Scan to add Xiao Xiang, reply “Cross Attention”
Getallpapers + module code for free
1. Rethinking Cross-Attention for Infrared and Visible Image Fusion
Method: This paper proposes an end-to-end ATFuse network for fusing infrared images. By introducing a Difference Information Injection Module (DIIM) based on the cross-attention mechanism, it can explore the unique features of source images separately. Additionally, the authors applied an Alternating Common Information Injection Module (ACIIM) to adequately retain common information in the final results. To train ATFuse, the authors designed a segmentation pixel loss function composed of different pixel intensity constraints to achieve a good balance of texture details and brightness information in the fusion results.
Innovations:
-
An end-to-end ATFuse network for fusing IV images has been proposed. Extensive experiments conducted on multiple datasets demonstrate that the proposed ATFuse method exhibits good performance and generalization capability. -
A Difference Information Injection Module (DIIM) based on the cross-attention mechanism has been proposed. This DIIM can explore the unique features of source images separately. -
An Alternating Common Information Injection Module (ACIIM) is applied in the proposed framework, ensuring that common information is adequately retained in the final results. -
A segmentation pixel loss function composed of different pixel intensity constraints is designed to train ATFuse, aiming for a good trade-off between texture details and brightness information in the fusion results.

2. ICAFusion: Iterative Cross-Attention Guided Feature Fusion for Multispectral Object Detection
Method: The authors propose a novel dual cross-attention feature fusion method for multispectral object detection, aggregating complementary information from RGB and thermal infrared images.
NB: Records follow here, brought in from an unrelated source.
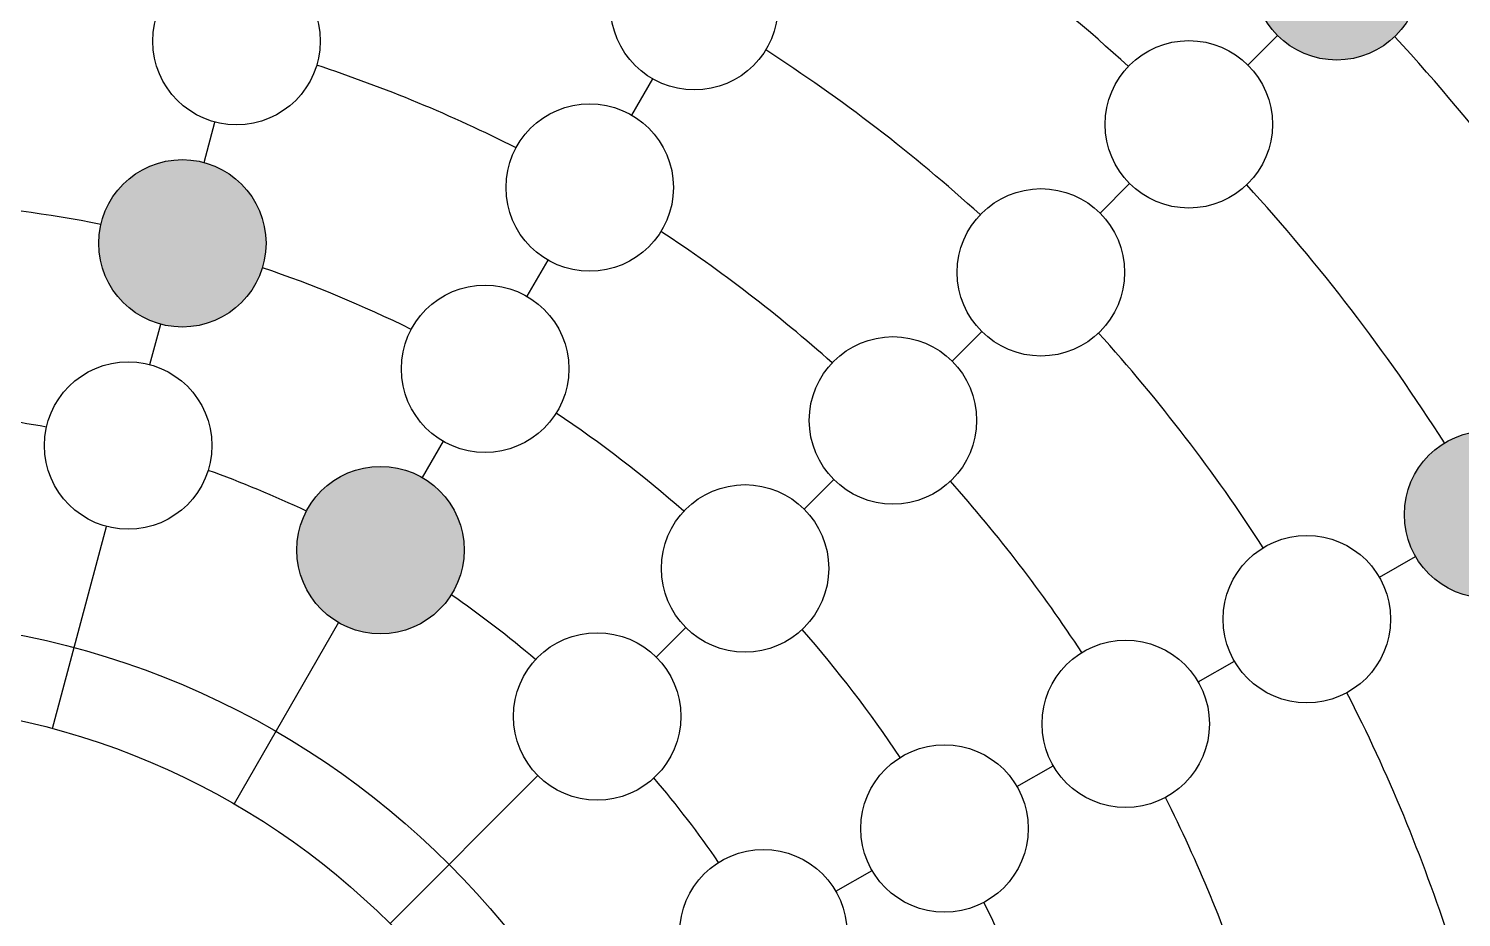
# Model space of a CAD drawing. Header units: inches. Extents: x 53 to 275, y 28 to 179.
# Drawn here: x 197.58 to 206.14, y 163.69 to 169 of the extents above; entities that cross this region are included whole.
import ezdxf

# ---------------------------------------------------------------- set-up
doc = ezdxf.new("R2010")
doc.units = ezdxf.units.IN
doc.header["$MEASUREMENT"] = 0

msp = doc.modelspace()

# ---------------------------------------------------------------- hatches: boundary and pattern name
h = msp.add_hatch(color=256)
h.set_gradient(color1=(214, 0, 214), color2=(250, 0, 250), one_color=1, tint=0.49)
h.paths.add_polyline_path([(202.4687, 157.3437, 1), (201.4687, 157.3437, 1)])
h.paths.add_polyline_path([(204.3005, 158.5276, 1), (203.3005, 158.5276, 1)])
h.paths.add_polyline_path([(205.8061, 160.4687, 1), (204.8061, 160.4687, 1)])
h.paths.add_polyline_path([(206.7153, 163.0569, 1), (205.7153, 163.0569, 1)])
h.paths.add_polyline_path([(206.7989, 166.0937, 1), (205.7989, 166.0937, 1)])
h.paths.add_polyline_path([(205.8949, 169.3075, 1), (204.8949, 169.3075, 1)])
h.paths.add_polyline_path([(203.9311, 172.3766, 1), (202.9311, 172.3766, 1)])
h.paths.add_polyline_path([(200.9384, 174.9576, 1), (199.9384, 174.9576, 1)])
h = msp.add_hatch(color=256)
h.set_gradient(color1=(255, 255, 0), color2=(250, 250, 0), one_color=1, tint=0.49)
h.paths.add_polyline_path([(202.4687, 157.3437, 1), (201.4687, 157.3437, 1)])
h.paths.add_polyline_path([(204.3005, 158.5276, 1), (203.3005, 158.5276, 1)])
h.paths.add_polyline_path([(204.8061, 160.4687, 1), (205.8061, 160.4687, 1)])
h.paths.add_polyline_path([(206.7153, 163.0569, 1), (205.7153, 163.0569, 1)])
h.paths.add_polyline_path([(205.7989, 166.0937, 1), (206.7989, 166.0937, 1)])
h.paths.add_polyline_path([(205.8949, 169.3075, 1), (204.8949, 169.3075, 1)])
h.paths.add_polyline_path([(202.9311, 172.3766, 1), (203.9311, 172.3766, 1)])
h.paths.add_polyline_path([(200.9384, 174.9576, 1), (199.9384, 174.9576, 1)])
h = msp.add_hatch(color=256)
h.set_gradient(color1=(214, 0, 214), color2=(250, 0, 250), one_color=1, tint=0.49)
h.paths.add_polyline_path([(193.1738, 145.9798, 1), (192.1738, 145.9798, 1)])
h.paths.add_polyline_path([(190.1811, 148.5609, 1), (189.1811, 148.5609, 1)])
h.paths.add_polyline_path([(188.2173, 151.6299, 1), (187.2173, 151.6299, 1)])
h.paths.add_polyline_path([(187.3133, 154.8437, 1), (186.3133, 154.8437, 1)])
h.paths.add_polyline_path([(187.3968, 157.8805, 1), (186.3968, 157.8805, 1)])
h.paths.add_polyline_path([(188.3061, 160.4687, 1), (187.3061, 160.4687, 1)])
h.paths.add_polyline_path([(189.8116, 162.4099, 1), (188.8116, 162.4099, 1)])
h.paths.add_polyline_path([(191.6434, 163.5937, 1), (190.6434, 163.5937, 1)])
h.paths.add_polyline_path([(200.1811, 165.8814, 1), (199.1811, 165.8814, 1)])
h.paths.add_polyline_path([(198.9972, 167.7132, 1), (197.9972, 167.7132, 1)])
h.paths.add_polyline_path([(197.0561, 169.2187, 1), (196.0561, 169.2187, 1)])
h.paths.add_polyline_path([(194.4679, 170.128, 1), (193.4679, 170.128, 1)])
h.paths.add_polyline_path([(191.4311, 170.2115, 1), (190.4311, 170.2115, 1)])
h.paths.add_polyline_path([(188.2173, 169.3075, 1), (187.2173, 169.3075, 1)])
h.paths.add_polyline_path([(185.1482, 167.3437, 1), (184.1482, 167.3437, 1)])
h.paths.add_polyline_path([(182.5672, 164.351, 1), (181.5672, 164.351, 1)])
h.paths.add_polyline_path([(193.9311, 155.0561, 1), (192.9311, 155.0561, 1)])
h.paths.add_polyline_path([(195.1149, 153.2243, 1), (194.1149, 153.2243, 1)])
h.paths.add_polyline_path([(197.0561, 151.7187, 1), (196.0561, 151.7187, 1)])
h.paths.add_polyline_path([(199.6443, 150.8095, 1), (198.6443, 150.8095, 1)])
h.paths.add_polyline_path([(202.6811, 150.7259, 1), (201.6811, 150.7259, 1)])
h.paths.add_polyline_path([(205.8949, 151.6299, 1), (204.8949, 151.6299, 1)])
h.paths.add_polyline_path([(208.9639, 153.5937, 1), (207.9639, 153.5937, 1)])
h.paths.add_polyline_path([(211.545, 156.5864, 1), (210.545, 156.5864, 1)])
h = msp.add_hatch(color=256)
h.set_gradient(color1=(255, 255, 0), color2=(250, 250, 0), one_color=1, tint=0.49)
h.paths.add_polyline_path([(200.1811, 165.8814, 1), (199.1811, 165.8814, 1)])
h.paths.add_polyline_path([(198.9972, 167.7132, 1), (197.9972, 167.7132, 1)])
h.paths.add_polyline_path([(197.0561, 169.2187, 1), (196.0561, 169.2187, 1)])
h.paths.add_polyline_path([(194.4679, 170.128, 1), (193.4679, 170.128, 1)])
h.paths.add_polyline_path([(191.4311, 170.2115, 1), (190.4311, 170.2115, 1)])
h.paths.add_polyline_path([(187.2173, 169.3075, 1), (188.2173, 169.3075, 1)])
h.paths.add_polyline_path([(185.1482, 167.3437, 1), (184.1482, 167.3437, 1)])
h.paths.add_polyline_path([(182.5672, 164.351, 1), (181.5672, 164.351, 1)])
h.paths.add_polyline_path([(191.6434, 163.5937, 1), (190.6434, 163.5937, 1)])
h.paths.add_polyline_path([(189.8116, 162.4099, 1), (188.8116, 162.4099, 1)])
h.paths.add_polyline_path([(188.3061, 160.4687, 1), (187.3061, 160.4687, 1)])
h.paths.add_polyline_path([(186.3968, 157.8805, 1), (187.3968, 157.8805, 1)])
h.paths.add_polyline_path([(186.3133, 154.8437, 1), (187.3133, 154.8437, 1)])
h.paths.add_polyline_path([(188.2173, 151.6299, 1), (187.2173, 151.6299, 1)])
h.paths.add_polyline_path([(190.1811, 148.5609, 1), (189.1811, 148.5609, 1)])
h.paths.add_polyline_path([(193.1738, 145.9798, 1), (192.1738, 145.9798, 1)])
h.paths.add_polyline_path([(193.9311, 155.0561, 1), (192.9311, 155.0561, 1)])
h.paths.add_polyline_path([(195.1149, 153.2243, 1), (194.1149, 153.2243, 1)])
h.paths.add_polyline_path([(197.0561, 151.7187, 1), (196.0561, 151.7187, 1)])
h.paths.add_polyline_path([(199.6443, 150.8095, 1), (198.6443, 150.8095, 1)])
h.paths.add_polyline_path([(202.6811, 150.7259, 1), (201.6811, 150.7259, 1)])
h.paths.add_polyline_path([(204.8949, 151.6299, 1), (205.8949, 151.6299, 1)])
h.paths.add_polyline_path([(207.9639, 153.5937, 1), (208.9639, 153.5937, 1)])
h.paths.add_polyline_path([(210.545, 156.5864, 1), (211.545, 156.5864, 1)])

# ---------------------------------------------------------------- linework, layer by layer
at = {"lineweight": 30}
for p, q in [((205.0414, 168.954), (204.8646, 168.7772)), ((201.3061, 168.696), (201.1811, 168.4794)), ((198.6266, 168.1961), (198.6913, 168.4376)), ((204.1575, 168.0701), (203.9807, 167.8933)), ((200.6811, 167.6134), (200.5561, 167.3969)), ((198.3031, 166.9887), (198.3678, 167.2302)), ((203.2736, 167.1862), (203.0968, 167.0094)), ((200.0561, 166.5309), (199.9311, 166.3144)), ((202.3897, 166.3023), (202.2129, 166.1256)), ((197.7208, 164.8154), (198.0443, 166.0228)), ((205.6494, 165.7187), (205.8659, 165.8437)), ((199.4311, 165.4484), (198.8061, 164.3658)), ((201.5058, 165.4185), (201.3291, 165.2417)), ((204.5668, 165.0937), (204.7833, 165.2187)), ((200.622, 164.5346), (199.7381, 163.6507)), ((203.4843, 164.4687), (203.7008, 164.5937)), ((202.4018, 163.8437), (202.6183, 163.9687))]:
    msp.add_line(p, q, dxfattribs=at)
at = {"color": 4}
for centre in [(205.3949, 169.3075), (201.5561, 169.129), (198.8208, 168.9206), (204.511, 168.4237), (200.9311, 168.0464), (198.4972, 167.7132), (203.6272, 167.5398), (200.3061, 166.9639), (202.7433, 166.6559), (198.1737, 166.5057), (206.2989, 166.0937), (199.6811, 165.8814), (201.8594, 165.772), (205.2163, 165.4687), (200.9755, 164.8881), (204.1338, 164.8437), (203.0513, 164.2187), (201.9687, 163.5937)]:
    msp.add_circle(centre, 0.5, dxfattribs=at)
at = {"lineweight": 30}
for radius in [5, 4.5]:
    msp.add_circle((196.5561, 160.4687), radius, dxfattribs=at)
for radius, start, end in [(11.25, 47.54669, 57.45331), (12.5, 32.29198, 42.70802), (10, 47.86509, 57.13491), (8.75, 63.27449, 71.72551), (11.25, 32.54669, 42.45331), (7.5, 78.82043, 86.17957), (8.75, 48.27449, 56.72551), (7.5, 63.82043, 71.17957), (10, 32.86509, 42.13491), (6.25, 79.58489, 85.41511), (7.5, 48.82043, 56.17957), (6.25, 64.58489, 70.41511), (8.75, 33.27449, 41.72551), (6.25, 49.58489, 55.41511), (7.5, 33.82043, 41.17957), (10, 17.86509, 27.13491), (6.25, 34.58489, 40.41511), (8.75, 18.27449, 26.72551), (7.5, 18.82043, 26.17957)]:
    msp.add_arc((196.5561, 160.4687), radius, start, end, dxfattribs=at)

doc.saveas('drawing.dxf')

This method includes three phases: single-modal feature extraction, dual-modal feature fusion, and detection. In the single-modal feature extraction phase, features from RGB and thermal infrared images are extracted separately. In the dual-modal feature fusion phase, features from different branches are aggregated through the cross-attention mechanism. Finally, the fused features are input into the detector for multi-scale feature fusion, classification, and regression.
Innovations:
-
A dual cross-attention transformer feature fusion framework is proposed, modeling global feature interactions and simultaneously capturing complementary information between modalities. The query-guided cross-attention mechanism enhances the discernibility of object features, thereby improving performance. -
An iterative interaction mechanism is proposed, which reduces model complexity and computational costs by sharing parameters between block-based multimodal transformers. This iterative learning strategy further improves model performance without increasing learnable parameters.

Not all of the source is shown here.